Website: www.ijetae.com (ISSN 2250-2459, ISO 9001:2008 Certified Journal, Volume 5, Issue 4, April 2015)

87

Optimization of Material Removal Rate and Surface Roughness

for WEDM of Titanium Alloy (Ti-4.5Al-2V) Using Taguchi

Method.

Subhash Chander

1

, Jasvir

Singh

Tiwana

2

1,2Department of Mechanical Engineering, Giani Zail Singh PTU Campus, Bathinda (Punjab), India.

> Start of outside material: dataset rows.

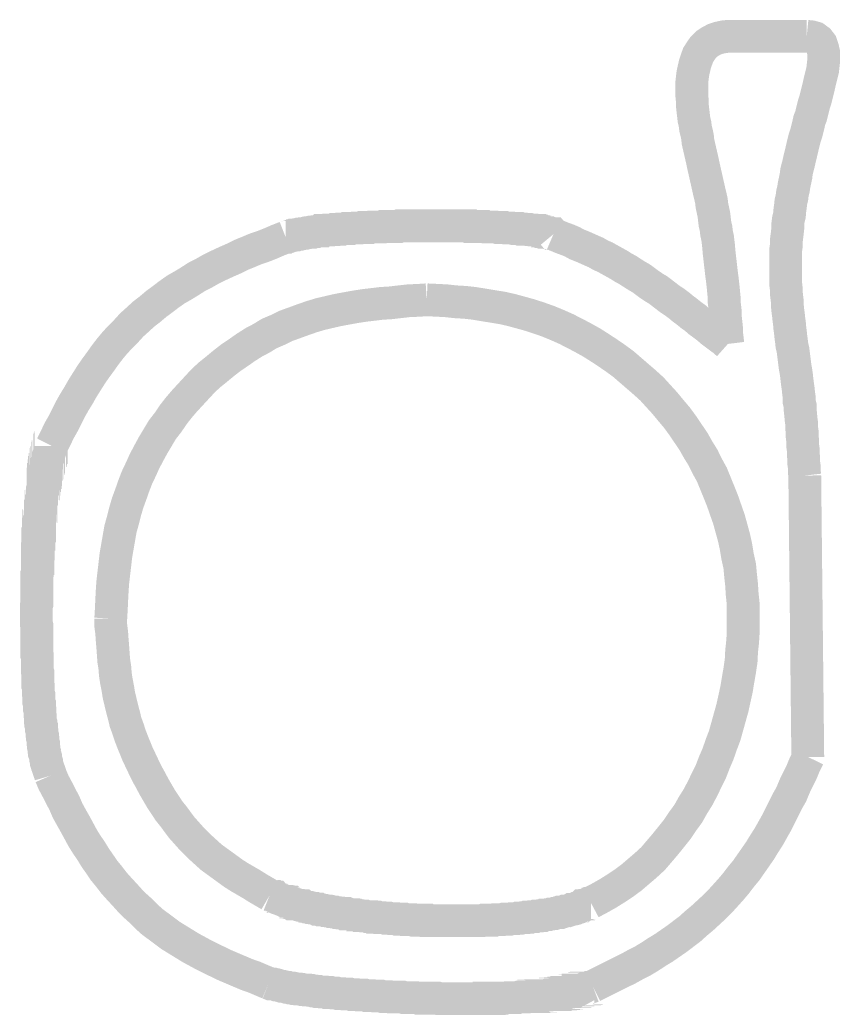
# Model space of a CAD drawing. Extents: x 0.54 to 10.46, y 0.74 to 7.76.
# Drawn here: x 8.7985 to 8.8852, y 5.8581 to 5.9634 of the extents above; entities that cross this region are included whole.
import ezdxf

# ---------------------------------------------------------------- set-up
doc = ezdxf.new("R2010")
doc.units = 0
doc.layers.get('0').update_dxf_attribs({"linetype": 'CONTINUOUS'})

msp = doc.modelspace()

# ---------------------------------------------------------------- linework, layer by layer
at = {"color": 0, "const_width": 0.00347}
for points in [[(8.87392, 5.96169), (8.87343, 5.96169), (8.87294, 5.96164), (8.87244, 5.96153), (8.87196, 5.96137), (8.87153, 5.96115), (8.87115, 5.96089), (8.87076, 5.9605), (8.8705, 5.96013), (8.87022, 5.95969), (8.87007, 5.95925), (8.8699, 5.95876), (8.86968, 5.95779), (8.86962, 5.95731), (8.86957, 5.95687), (8.86957, 5.95535), (8.86962, 5.95486), (8.86962, 5.95437), (8.86979, 5.9529), (8.8699, 5.95242), (8.86996, 5.95193), (8.87007, 5.9515), (8.87017, 5.95101), (8.87022, 5.95053), (8.87067, 5.94857), (8.87076, 5.94814), (8.87142, 5.94521), (8.87153, 5.94476), (8.87164, 5.94428), (8.87169, 5.94379), (8.8719, 5.94282), (8.87201, 5.94185), (8.87213, 5.94135), (8.87218, 5.94086), (8.87229, 5.94038), (8.87235, 5.93989), (8.8724, 5.93946), (8.87244, 5.93892), (8.87272, 5.93647), (8.87278, 5.93604), (8.87289, 5.93506), (8.87294, 5.93451), (8.87299, 5.93403), (8.87299, 5.93354), (8.87304, 5.93311), (8.8731, 5.93261), (8.8731, 5.93207), (8.87326, 5.93061), (8.87326, 5.93012), (8.87338, 5.92914)], [(8.87392, 5.96169), (8.88172, 5.96169)], [(8.88151, 5.91521), (8.88146, 5.91564), (8.88146, 5.91613), (8.8814, 5.91656), (8.8814, 5.91704), (8.88135, 5.91749), (8.88135, 5.91797), (8.88129, 5.9184), (8.88129, 5.91889), (8.88124, 5.91932), (8.88124, 5.91982), (8.88118, 5.92025), (8.88118, 5.92074), (8.88112, 5.92117), (8.88108, 5.92165), (8.88103, 5.9221), (8.88103, 5.92258), (8.88092, 5.92301), (8.88092, 5.9235), (8.88086, 5.92393), (8.88081, 5.92443), (8.88069, 5.92529), (8.88064, 5.92578), (8.88058, 5.92622), (8.88049, 5.92671), (8.88043, 5.92719), (8.88032, 5.92806), (8.88026, 5.92854), (8.88015, 5.92899), (8.8801, 5.92947), (8.88004, 5.9299), (8.87999, 5.93039), (8.87993, 5.93083), (8.87989, 5.93132), (8.87983, 5.93175), (8.87978, 5.93224), (8.87972, 5.93267), (8.87967, 5.93317), (8.87967, 5.9336), (8.87961, 5.93408), (8.87956, 5.93451), (8.87956, 5.93494), (8.8795, 5.93544), (8.8795, 5.93913), (8.87956, 5.93956), (8.87956, 5.94006), (8.87967, 5.94092), (8.87972, 5.9414), (8.87972, 5.94185), (8.87978, 5.94233), (8.87989, 5.94276), (8.87993, 5.94325), (8.87999, 5.94368), (8.88004, 5.94417), (8.88015, 5.94461), (8.88021, 5.9451), (8.88032, 5.94553), (8.88038, 5.94596), (8.88049, 5.94646), (8.88058, 5.94689), (8.88064, 5.94738), (8.88086, 5.94824), (8.88097, 5.94874), (8.88118, 5.9496), (8.88129, 5.95008), (8.88151, 5.95096), (8.88167, 5.95144), (8.88189, 5.95231), (8.882, 5.95281), (8.88217, 5.95324), (8.88249, 5.95454), (8.88265, 5.95503), (8.88297, 5.95632), (8.88308, 5.95682), (8.8834, 5.95811), (8.88351, 5.9591), (8.88351, 5.95996), (8.8834, 5.96044), (8.88325, 5.96089), (8.88297, 5.96126), (8.8826, 5.96153), (8.88222, 5.96164), (8.88172, 5.96169)], [(8.85493, 5.94075), (8.85488, 5.94081), (8.85476, 5.94081), (8.85476, 5.94081), (8.85476, 5.94081), (8.85465, 5.94086), (8.85465, 5.94086), (8.8546, 5.94086), (8.85449, 5.94092), (8.85449, 5.94092), (8.85444, 5.94092), (8.85433, 5.94092), (8.85433, 5.94092), (8.85428, 5.94092), (8.85417, 5.94097), (8.85417, 5.94097), (8.85411, 5.94097), (8.854, 5.94097), (8.854, 5.94097), (8.85394, 5.94103), (8.85385, 5.94103), (8.85385, 5.94103), (8.85368, 5.94103), (8.85363, 5.94108), (8.85351, 5.94108), (8.85351, 5.94108), (8.85351, 5.94108), (8.8534, 5.94108), (8.8534, 5.94108), (8.85335, 5.94114), (8.85325, 5.94114), (8.85325, 5.94114), (8.85308, 5.94114), (8.85303, 5.94114), (8.85292, 5.94119), (8.85292, 5.94119), (8.85292, 5.94119), (8.85275, 5.94119), (8.85275, 5.94119), (8.85275, 5.94119), (8.8526, 5.94119), (8.8526, 5.94119), (8.8526, 5.94119), (8.85243, 5.94125), (8.85243, 5.94125), (8.85243, 5.94125), (8.85226, 5.94125), (8.85226, 5.94125), (8.85226, 5.94125), (8.85215, 5.94125), (8.85215, 5.94125), (8.85211, 5.94125), (8.85194, 5.94129), (8.85194, 5.94129), (8.85178, 5.94129), (8.85178, 5.94129), (8.85167, 5.94129), (8.85167, 5.94129), (8.85151, 5.94129), (8.85146, 5.94129), (8.85135, 5.94135), (8.85135, 5.94135), (8.85101, 5.94135), (8.85101, 5.94135), (8.85086, 5.94135), (8.85086, 5.94135), (8.85069, 5.94135), (8.85053, 5.9414), (8.85053, 5.9414), (8.85042, 5.9414), (8.85042, 5.9414), (8.85021, 5.9414), (8.85021, 5.9414), (8.8501, 5.9414), (8.8501, 5.9414), (8.85004, 5.9414), (8.84993, 5.9414), (8.84993, 5.9414), (8.84978, 5.94146), (8.84972, 5.94146), (8.84961, 5.94146), (8.84961, 5.94146), (8.84956, 5.94146), (8.84944, 5.94146), (8.84944, 5.94146), (8.84928, 5.94146), (8.84928, 5.94146), (8.84913, 5.94146), (8.84913, 5.94146), (8.84913, 5.94146), (8.84896, 5.94146), (8.84896, 5.94146), (8.84879, 5.94151), (8.84879, 5.94151), (8.84868, 5.94151), (8.84868, 5.94151), (8.84864, 5.94151), (8.84847, 5.94151), (8.84847, 5.94151), (8.84847, 5.94151), (8.84831, 5.94151), (8.84831, 5.94151), (8.84831, 5.94151), (8.84819, 5.94151), (8.84819, 5.94151), (8.84814, 5.94151), (8.84804, 5.94151), (8.84804, 5.94151), (8.84799, 5.94151), (8.84788, 5.94151), (8.84788, 5.94151), (8.84782, 5.94151), (8.84771, 5.94157), (8.84771, 5.94157), (8.84771, 5.94157), (8.84754, 5.94157), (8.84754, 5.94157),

Abstract- In this paper, wire electric discharge machining (WEDM) of Titanium alloy (Ti-4.5Al-2V) is studied. In WEDM, the prime objective in cutting operation is to achieve the highest possible cutting speed along with desirable surface finish without sacrificing productivity. It is evident that a high material removal rate and a very good surface finish can never be achieved simultaneously in WEDM. Selection of optimal cutting parameters has a critical issue to achieve high-quality in the machining process. In this study Design of Experiment (DOE) method for selection of optimal cutting parameters during WEDM of Titanium alloy (Ti-4.5Al-2V) is experimentally study moreover, the behavior of five control parameters such as taper angle, peak current, pulse on time, pulse off time and the dielectric flow rate on the machining performance, included Metal Removal Rate (MRR) and Surface Roughness (SR) is studied using Taguchi method. The optimum condition has been determined with the help of main effect plot and ANOVA table to find out which

parameters have most affected the performance

characteristics. The mathematical modeling has been carried out using Minitab 15 software and different models have been

analyzed with the help of the Taguchi design using L18

orthogonal array.

Keywords- WEDM, ANOVA, Taguchi method, MRR, Titanium alloy (Ti-4.5Al-2V), MRR.

I. INTRODUCTION

However titanium alloys are difficult to machine using the traditional machining techniques due to their high spring-back characteristics, high chemical reactivity and low heat conduction coefficient, which lead to rapid tool wear during machining of titanium alloys, in turn increases the manufacturing cost. The high strength, low weight, and outstanding corrosion resistance possessed by titanium alloys have led to a wide range of successful applications in aerospace, automobile, chemical plant, power generation, surgical instruments and other major industries. Thus, machining of titanium alloy has been a topic of interest for industrial production and scientific research worldwide.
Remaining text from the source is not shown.